Department of Applied Mathematics, Xi'an University of Technology, Xi'an, 710054, PR China; School of Computer Science and Engineering,, Xi'an University of Technology, Xi'an, 710048, PR China.
Department of Applied Mathematics, Xi'an University of Technology, Xi'an, 710054, PR China.
Comput Biol Med. 2022 Dec;151(Pt A):106239. doi: 10.1016/j.compbiomed.2022.106239. Epub 2022 Oct 31.
Real-world optimization problems require some advanced metaheuristic algorithms, which functionally sustain a variety of solutions and technically explore the tracking space to find the global optimal solution or optimizer. One such algorithm is the newly developed COOT algorithm that is used to solve complex optimization problems. However, like other swarm intelligence algorithms, the COOT algorithm also faces the issues of low diversity, slow iteration speed, and stagnation in local optimization. In order to ameliorate these deficiencies, an improved population-initialized COOT algorithm named COBHCOOT is developed by integrating chaos map, opposition-based learning strategy and hunting strategy, which are used to accelerate the global convergence speed and boost the exploration efficiency and solution quality of the algorithm. To validate the dominance of the proposed COBHCOOT, it is compared with the original COOT algorithm and the well-known natural heuristic optimization algorithm on the recognized CEC2017 and CEC2019 benchmark suites, respectively. For the 29 CEC2017 problems, COBHCOOT performed the best in 15 (51.72%, 30-Dim), 14 (48.28%, 50-Dim) and 11 (37.93%, 100-Dim) respectively, and for the 10 CEC2019 benchmark functions, COBHCOOT performed the best in 7 of them. Furthermore, the practicability and potential of COBHCOOT are also highlighted by solving two engineering optimization problems and four truss structure optimization problems. Eventually, to examine the validity and performance of COBHCOOT for medical feature selection, eight medical datasets are used as benchmarks to compare with other superior methods in terms of average accuracy and number of features. Particularly, COBHCOOT is applied to the feature selection of cervical cancer behavior risk dataset. The findings testified that COBHCOOT achieves better accuracy with a minimal number of features compared with the comparison methods.

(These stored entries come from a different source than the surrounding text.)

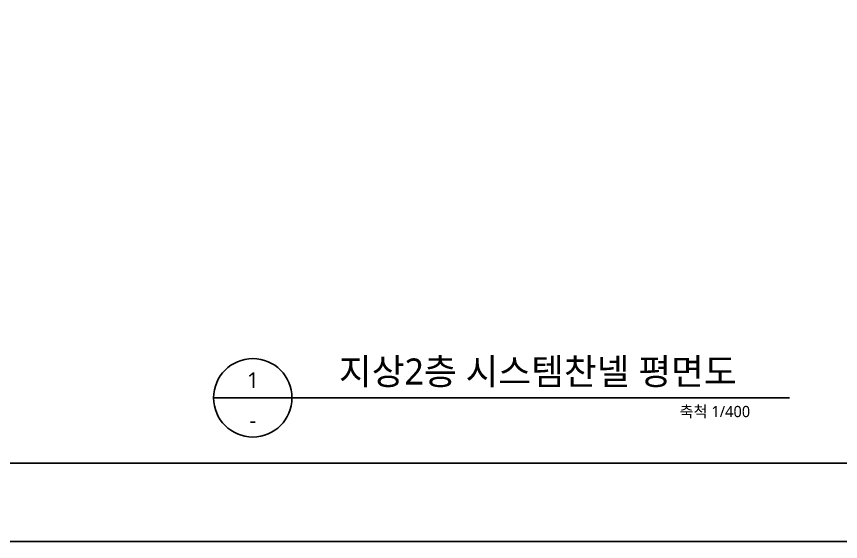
# Model space of a CAD drawing. Header units: millimetres. Extents: x 61566 to 504600, y -69328 to 118800.
# Drawn here: x 387400 to 431573, y 0 to 28133 of the extents above; entities that cross this region are included whole.
import ezdxf
from ezdxf.enums import TextEntityAlignment as Align

# ---------------------------------------------------------------- set-up
doc = ezdxf.new("R2010")
doc.units = ezdxf.units.MM
doc.header["$LTSCALE"] = 200
doc.layers.get('DEFPOINTS').update_dxf_attribs({"color": 137})
doc.layers.add('AA-MKXS', color=3, linetype='Continuous')
doc.layers.add('WALL-D', color=3, linetype='Continuous')
doc.styles.add('스타일1', font='malgun.ttf')

# ---------------------------------------------------------------- blocks, each defined once
blk = doc.blocks.new('sheet-line')
at = {"layer": 'DEFPOINTS'}
blk.add_lwpolyline([(168200, -356400), (0, -356400), (0, -237600), (168200, -237600)], close=True, dxfattribs=at)

msp = doc.modelspace()

# ---------------------------------------------------------------- linework, layer by layer
at = {"layer": 'AA-MKXS', "color": 7}
msp.add_line((397966.5, 7700), (428829.9, 7700), dxfattribs=at)
msp.add_circle((400066.6, 7700), 2100.1, dxfattribs=at)
at = {"layer": 'DEFPOINTS'}
msp.add_lwpolyline([(345700, 114600), (483100, 114600), (483100, 4200), (345700, 4200)], close=True, dxfattribs=at)
msp.add_lwpolyline([(345700, 114600), (483100, 114600), (483100, 4200), (345700, 4200)], close=True, dxfattribs=at)

# ---------------------------------------------------------------- block references
at = {"layer": 'WALL-D'}
msp.add_blockref('sheet-line', (336400, 356400), dxfattribs=at)
msp.add_blockref('sheet-line', (336400, 356400), dxfattribs=at)

# ---------------------------------------------------------------- texts
at = {"layer": 'AA-MKXS', "linetype": 'Continuous', "style": '스타일1'}
msp.add_text('지상2층 시스템찬넬 평면도', height=1400, dxfattribs=at).set_placement((404687, 8409.3))
msp.add_text('1', height=840, dxfattribs=at).set_placement((400073.8, 8224), align=Align.CENTER)
msp.add_text('축척 1/400', height=600, dxfattribs=at).set_placement((426729.7, 6964.9), align=Align.MIDDLE_RIGHT)
at = {"layer": 'AA-MKXS', "style": '스타일1'}
msp.add_text('-', height=840, dxfattribs=at).set_placement((400066.6, 6499.4), align=Align.MIDDLE)

doc.saveas('drawing.dxf')

真实世界的优化问题需要一些先进的元启发式算法,这些算法在功能上支持多种解决方案,并在技术上探索跟踪空间,以找到全局最优解或优化器。一种这样的算法是新开发的 COOT 算法,用于解决复杂的优化问题。然而,与其他群体智能算法一样,COOT 算法也面临着多样性低、迭代速度慢和局部优化停滞的问题。为了改善这些缺陷,通过整合混沌映射、对向学习策略和狩猎策略,开发了一种改进的种群初始化 COOT 算法,命名为 COBHCOOT,用于加速全局收敛速度,提高算法的探索效率和解决方案质量。为了验证所提出的 COBHCOOT 的优势,将其与原始 COOT 算法和著名的自然启发式优化算法在公认的 CEC2017 和 CEC2019 基准套件上进行了比较。对于 29 个 CEC2017 问题,COBHCOOT 在 15 个(51.72%,30 维)、14 个(48.28%,50 维)和 11 个(37.93%,100 维)中表现最好,对于 10 个 CEC2019 基准函数,COBHCOOT 在其中 7 个中表现最好。此外,通过解决两个工程优化问题和四个桁架结构优化问题,突出了 COBHCOOT 的实用性和潜力。最后,为了检验 COBHCOOT 在医学特征选择中的有效性和性能,使用八个医学数据集作为基准,与其他优越方法在平均准确率和特征数量方面进行比较。特别是,COBHCOOT 被应用于宫颈癌行为风险数据集的特征选择。研究结果证明,与比较方法相比,COBHCOOT 用最少的特征实现了更好的准确性。